GEOMETRICAL-ACOUSTICS CONSIDERATION OF THE FLEXURAL MODES IN IMMERSED ANISOTROPIC WEDGES

Geometrical-acoustics approach interprets vibration modes localized at the edge of wedges as the quasi-plane flexural waves propagating in a plate of variable thickness. This approach is combined with the dispersion relation for flexural wave in a thin anisotropic fluid-loaded plate to analytically determine the subsonic velocities c of the localized modes in anisotropic immersed wedges. The transcendent equation in c is established for an arbitrarily anisotropic wedge material and a general case of the wedge–fluid coupling.

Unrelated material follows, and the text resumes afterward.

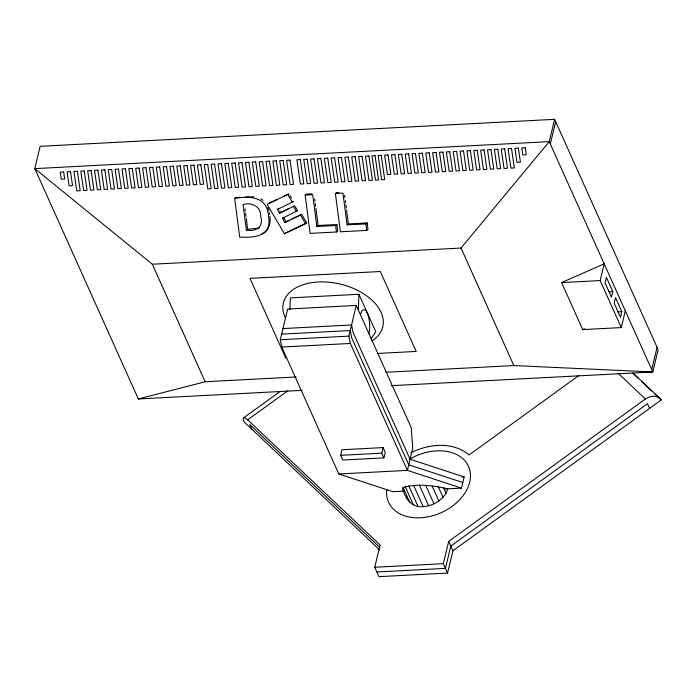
<?xml version="1.0" encoding="UTF-8"?>
<svg xmlns="http://www.w3.org/2000/svg" width="696" height="696" viewBox="0 0 696 696"><rect width="100%" height="100%" fill="white"/><g stroke="black" fill="none" stroke-linecap="round" stroke-linejoin="round"><path stroke-width="1.04" d="M289.919 309.511L290.336 297.888L358.927 294.286L375.831 331.896L371.038 338.343M358.362 310.138L358.927 294.286M280.288 339.709L287.657 309.05L356.248 305.448L411.205 427.544L412.754 448.085L407.404 470.383L338.813 473.985L281.767 347.06L280.288 339.709L348.887 336.116L356.248 305.448M340.622 455.332L341.962 449.755L383.122 447.598L385.236 452.296L383.896 457.872L342.736 460.03L340.622 455.332L381.782 453.174L383.896 457.872M381.782 453.174L383.122 447.598M654.953 394.093L661.2 399.991A16.121 10.918 -46.6 0 0 645.383 398.991L448.702 541.375L452.922 550.771L447.572 573.069L378.981 576.671L374.752 567.275L380.103 544.968L247.654 419.853A16.121 3.193 54.1 0 0 244.07 421.88L379.598 549.901M447.572 573.069L443.343 563.673L448.702 541.375M445.605 488.931L461.492 488.096L464.171 476.943L410.083 459.23L353.037 332.314L351.567 324.962L282.967 328.564M554.616 119.329L549.257 141.627L461.013 248.037L152.337 264.228L34.8 168.623L40.151 146.317L554.616 119.329L658.129 349.662L652.778 371.969L391.204 385.688M550.318 143.976L555.669 121.678M621.293 327.581L600.169 280.575L604.189 263.845L561.585 282.593L582.709 329.608L621.293 327.581L625.312 310.851M612.767 291.502L611.436 297.079L605.094 282.976L606.433 277.4L612.767 291.502L608.852 291.711M621.859 311.73L620.519 317.306L614.185 303.204L615.525 297.627L621.859 311.73L617.944 311.939M651.717 369.611L657.076 347.313M446.032 493.177L447.772 488.818C433.338 485.582 417.461 483.233 403.08 487.531L402.61 488.618C405.011 498.293 412.058 508.097 423.177 506.618C432.303 505.905 441.229 501.103 446.032 493.177L443.57 487.705M234.674 198.482C250.49 195.463 267.36 196.951 268.578 216.499C272.11 236.048 254.753 238.093 239.702 237.066L234.674 198.482L235.961 197.516L240.207 197.29M284.916 222.572L286.039 221.728L283.603 217.343L282.48 218.187L284.916 222.572L301.62 214.368L306.805 222.929L284.481 233.795L267.177 204.415L288.97 193.792M246.401 230.176C256.119 231.777 263.819 227.053 260.73 216.569C261.252 206.669 251.848 201.84 243.069 204.615L246.401 230.176L247.689 229.201L257.842 228.297L259.443 227.575M294.686 205.772L279.566 213.237L277.365 209.479L278.487 208.635M277.365 209.479L293.529 201.518M279.566 213.237L288.153 208.861M305.152 195.097L312.704 194.706L316.837 226.478L318.124 225.504L336.899 224.521L337.743 231.029L336.455 231.994L310.138 233.377L305.152 195.097L306.44 194.132L311.834 193.853M282.48 218.187L297.601 210.723L295.174 206.599M335.402 193.514L342.954 193.114L347.095 224.886L348.383 223.921L367.149 222.938L368.001 229.436L366.714 230.402L340.387 231.785L335.402 193.514L336.69 192.548L338.848 192.435M284.481 233.795L285.604 232.96M316.837 226.478L335.611 225.495L336.899 224.521M347.095 224.886L365.861 223.903L367.149 222.938M243.678 417.826L279.496 391.9M247.654 419.853L287.831 390.769M578.759 375.57L469.113 454.94C452.8 441.273 428.64 443.761 410.77 452.878M452.922 550.771L661.2 399.991M261.774 234.187C268.813 231.629 270.892 223.164 269.926 216.421M269.239 203.128L276.756 199.569M283.333 196.463L288.031 194.236M286.039 221.728L288.962 220.354M291.885 218.97L300.646 214.829M286.561 232.499L306.805 222.929M582.709 329.608L584.692 328.73M386.019 372.256L513.822 365.557L652.778 371.969L549.257 141.627L34.8 168.623L138.321 398.956L205.146 381.747L296.131 376.98M245.514 197.011L253.892 196.759M561.585 282.593L600.169 280.575M281.628 334.132L350.227 330.539L351.697 337.882L408.743 464.806L462.831 482.519M281.767 347.06L350.366 343.459L407.404 470.383L461.492 488.096M377.423 353.464L416.199 351.428L380.286 271.518L249.96 278.356L285.873 358.266M138.321 398.956L302.203 390.36M462.022 477.056L464.171 476.943M404.506 491.089L392.901 491.698L338.813 473.985M374.752 567.275L443.343 563.673M376.867 571.973L445.457 568.371L450.817 546.073L647.497 403.689L649.603 408.387M260.922 198.891L263.071 200.413M632.995 373.012L659.538 398.086M633.09 373.447L638.554 378.607M641.677 381.556L651.83 391.143M618.057 373.178L645.383 398.991M379.851 547.439L249.768 424.56L251.874 429.258M300.498 215.212L305.683 223.773M289.98 195.506L291.502 198.082M287.848 194.636L292.407 202.362M293.564 206.616L296.479 211.567M279.809 210.888L280.688 212.393M461.013 248.037L513.822 365.557M438.254 486.748L443.013 497.327M432.181 485.999L438.906 500.955M425.769 485.521L434.008 503.843M419.462 485.338L428.64 505.774M413.676 485.469L423.177 506.618M408.804 485.895L417.991 506.331M405.194 486.6L413.424 504.922M403.08 487.531L409.805 502.486M152.337 264.228L205.146 381.747M267.821 207.495L268.908 210.557M406.551 496.248L407.369 499.189M348.887 336.116L350.366 343.459M269.291 212.55L269.674 214.533M365.861 223.903L366.714 230.402M344.659 195.324L344.929 197.446M345.346 200.622L345.625 202.736M345.895 204.859L346.312 208.034M346.591 210.149L348.383 223.921M335.611 225.495L336.455 231.994M314.679 199.03L314.957 201.153M315.227 203.267L315.645 206.442M315.923 208.565L318.124 225.504M245.053 208.965L245.331 211.097M245.61 213.228L246.027 216.421M246.306 218.553L247.689 229.201M409.405 459.36A43.805 31.033 -24.2 0 1 468.782 467.042A43.805 31.033 -24.2 0 1 432.503 515.788A43.805 31.033 -24.2 0 1 386.785 489.74M360.476 314.844A14.599 4.95 87 0 1 367.375 313.078A14.599 4.95 87 0 1 368.932 333.636M285.064 317.411A51.104 31.642 13.5 0 1 342.858 284.734A51.104 31.642 13.5 0 1 371.812 341.005M63.658 171.999L60.23 172.182L61.239 179.185L64.676 179.002L63.658 171.999M70.513 171.634L67.086 171.816L69.113 185.823L72.549 185.641L70.513 171.634M77.378 171.277L73.95 171.46L76.76 190.878L80.188 190.695L77.378 171.277M84.233 170.92L80.806 171.094L83.624 190.513L87.052 190.339L84.233 170.92M91.098 170.555L87.661 170.738L90.48 190.156L93.908 189.973L91.098 170.555M97.953 170.198L94.526 170.381L97.336 189.791L100.772 189.617L97.953 170.198M104.818 169.841L101.381 170.015L104.2 189.434L107.628 189.251L104.818 169.841M111.673 169.476L108.245 169.659L111.056 189.077L114.492 188.894L111.673 169.476M118.529 169.119L115.101 169.302L117.92 188.712L121.348 188.538L118.529 169.119M125.393 168.763L121.965 168.937L124.775 188.355L128.203 188.172L125.393 168.763M132.249 168.397L128.821 168.58L131.64 187.998L135.067 187.816L132.249 168.397M139.113 168.041L135.685 168.214L138.495 187.633L141.923 187.459L139.113 168.041M145.969 167.675L142.541 167.858L145.351 187.276L148.787 187.094L145.969 167.675M152.833 167.318L149.396 167.501L152.215 186.919L155.643 186.737L152.833 167.318M159.689 166.962L156.261 167.136L159.071 186.554L162.507 186.371L159.689 166.962M166.544 166.596L163.116 166.779L165.935 186.197L169.363 186.015L166.544 166.596M173.408 166.24L169.981 166.422L172.791 185.832L176.219 185.658L173.408 166.24M180.264 165.883L176.836 166.057L179.655 185.475L183.083 185.293L180.264 165.883M187.128 165.518L183.701 165.7L186.511 185.119L189.938 184.936L187.128 165.518M193.984 165.161L190.556 165.344L193.375 184.753L196.803 184.579L193.984 165.161M200.848 164.795L197.412 164.978L200.231 184.397L203.658 184.214L200.848 164.795M207.704 164.439L204.276 164.621L207.791 188.894L211.227 188.712L207.704 164.439M214.568 164.082L211.132 164.256L214.655 188.529L218.083 188.346L214.568 164.082M221.424 163.717L217.996 163.899L221.511 188.172L224.939 187.99L221.424 163.717M228.279 163.36L224.851 163.543L228.375 187.807L231.803 187.633L228.279 163.36M235.144 163.003L231.716 163.177L235.231 187.45L238.658 187.268L235.144 163.003M241.999 162.638L238.571 162.821L242.095 187.094L245.523 186.911L241.999 162.638M248.864 162.281L245.436 162.464L248.95 186.728L252.378 186.554L248.864 162.281M255.719 161.924L252.291 162.098L255.806 186.371L259.243 186.189L255.719 161.924M262.583 161.559L259.147 161.742L262.67 186.015L266.098 185.832L262.583 161.559M269.439 161.202L266.011 161.376L269.526 185.649L272.962 185.475L269.439 161.202M276.303 160.837L272.867 161.02L276.39 185.293L279.818 185.11L276.303 160.837M283.159 160.48L279.731 160.663L283.246 184.927L286.674 184.753L283.159 160.48M290.014 160.124L286.587 160.297L290.11 184.571L293.538 184.388L290.014 160.124M300.307 159.584L296.879 159.758L300.394 184.031L303.83 183.848L300.307 159.584M307.171 159.219L303.734 159.401L307.258 183.674L310.686 183.492L307.171 159.219M314.026 158.862L310.599 159.045L314.113 183.309L317.541 183.135L314.026 158.862M320.882 158.505L317.454 158.679L320.978 182.952L324.406 182.77L320.882 158.505M327.746 158.14L324.319 158.323L327.833 182.596L331.261 182.413L327.746 158.14M334.602 157.783L331.174 157.957L334.698 182.23L338.125 182.056L334.602 157.783M341.466 157.418L338.038 157.601L341.553 181.874L344.981 181.691L341.466 157.418M348.322 157.061L344.894 157.244L348.409 181.508L351.845 181.334L348.322 157.061M355.186 156.704L351.75 156.878L355.273 181.151L358.701 180.969L355.186 156.704M362.042 156.339L358.614 156.522L362.129 180.795L365.565 180.612L362.042 156.339M368.906 155.982L365.47 156.165L368.993 180.429L372.421 180.255L368.906 155.982M375.048 155.66L371.977 155.817L375.492 180.09L378.563 179.933L375.048 155.66M381.19 155.339L378.119 155.495L381.634 179.768L384.705 179.611L381.19 155.339M388.046 154.973L384.618 155.156L387.437 174.574L390.865 174.391L388.046 154.973M394.91 154.616L391.483 154.799L394.293 174.218L397.72 174.035L394.91 154.616M401.766 154.26L398.338 154.434L401.157 173.852L404.585 173.678L401.766 154.26M408.63 153.894L405.202 154.077L408.013 173.495L411.44 173.313L408.63 153.894M415.486 153.538L412.058 153.72L414.877 173.13L418.305 172.956L415.486 153.538M422.35 153.181L418.914 153.355L421.733 172.773L425.16 172.591L422.35 153.181M429.206 152.816L425.778 152.998L428.588 172.417L432.025 172.234L429.206 152.816M436.07 152.459L432.634 152.641L435.452 172.051L438.88 171.877L436.07 152.459M442.926 152.093L439.498 152.276L442.308 171.695L445.745 171.512L442.926 152.093M449.781 151.737L446.353 151.919L449.172 171.338L452.6 171.155L449.781 151.737M456.646 151.38L453.218 151.554L456.028 170.972L459.456 170.798L456.646 151.38M463.501 151.015L460.073 151.197L462.892 170.616L466.32 170.433L463.501 151.015M470.365 150.658L466.938 150.841L469.748 170.259L473.176 170.076L470.365 150.658M477.221 150.301L473.793 150.475L476.612 169.894L480.04 169.711L477.221 150.301M484.085 149.936L480.649 150.119L483.468 169.537L486.895 169.354L484.085 149.936M490.941 149.579L487.513 149.762L490.323 169.171L493.76 168.998L490.941 149.579M497.805 149.222L494.369 149.396L497.188 168.815L500.615 168.632L497.805 149.222M504.661 148.857L501.233 149.04L504.043 168.458L507.48 168.275L504.661 148.857M511.517 148.5L508.089 148.674L510.907 168.093L514.335 167.919L511.517 148.5M518.381 148.135L514.953 148.318L516.98 162.325L520.408 162.142L518.381 148.135M525.236 147.778L521.809 147.961L522.827 154.964L526.254 154.782L525.236 147.778"/></g></svg>

An approximate explicit solution for c is obtained in the cases when the parameter of the wedge-fluid coupling θn/r is either small or large (here θ is the apex angle, n is the modal order, and r is the ratio of the fluid density and the wedge density). In both cases, the ratio of the wedge-mode velocities c/c0in the immersed and free wedge is a corresponding function of the coupling parameter θn/r. Provided that the wedge–fluid coupling is sufficiently pronounced, the ratio c/c0in the presence of anisotropy acquires the scaling factor, which depends appropriately on elastic coefficients of the wedge and turns to unity in the isotropic limit.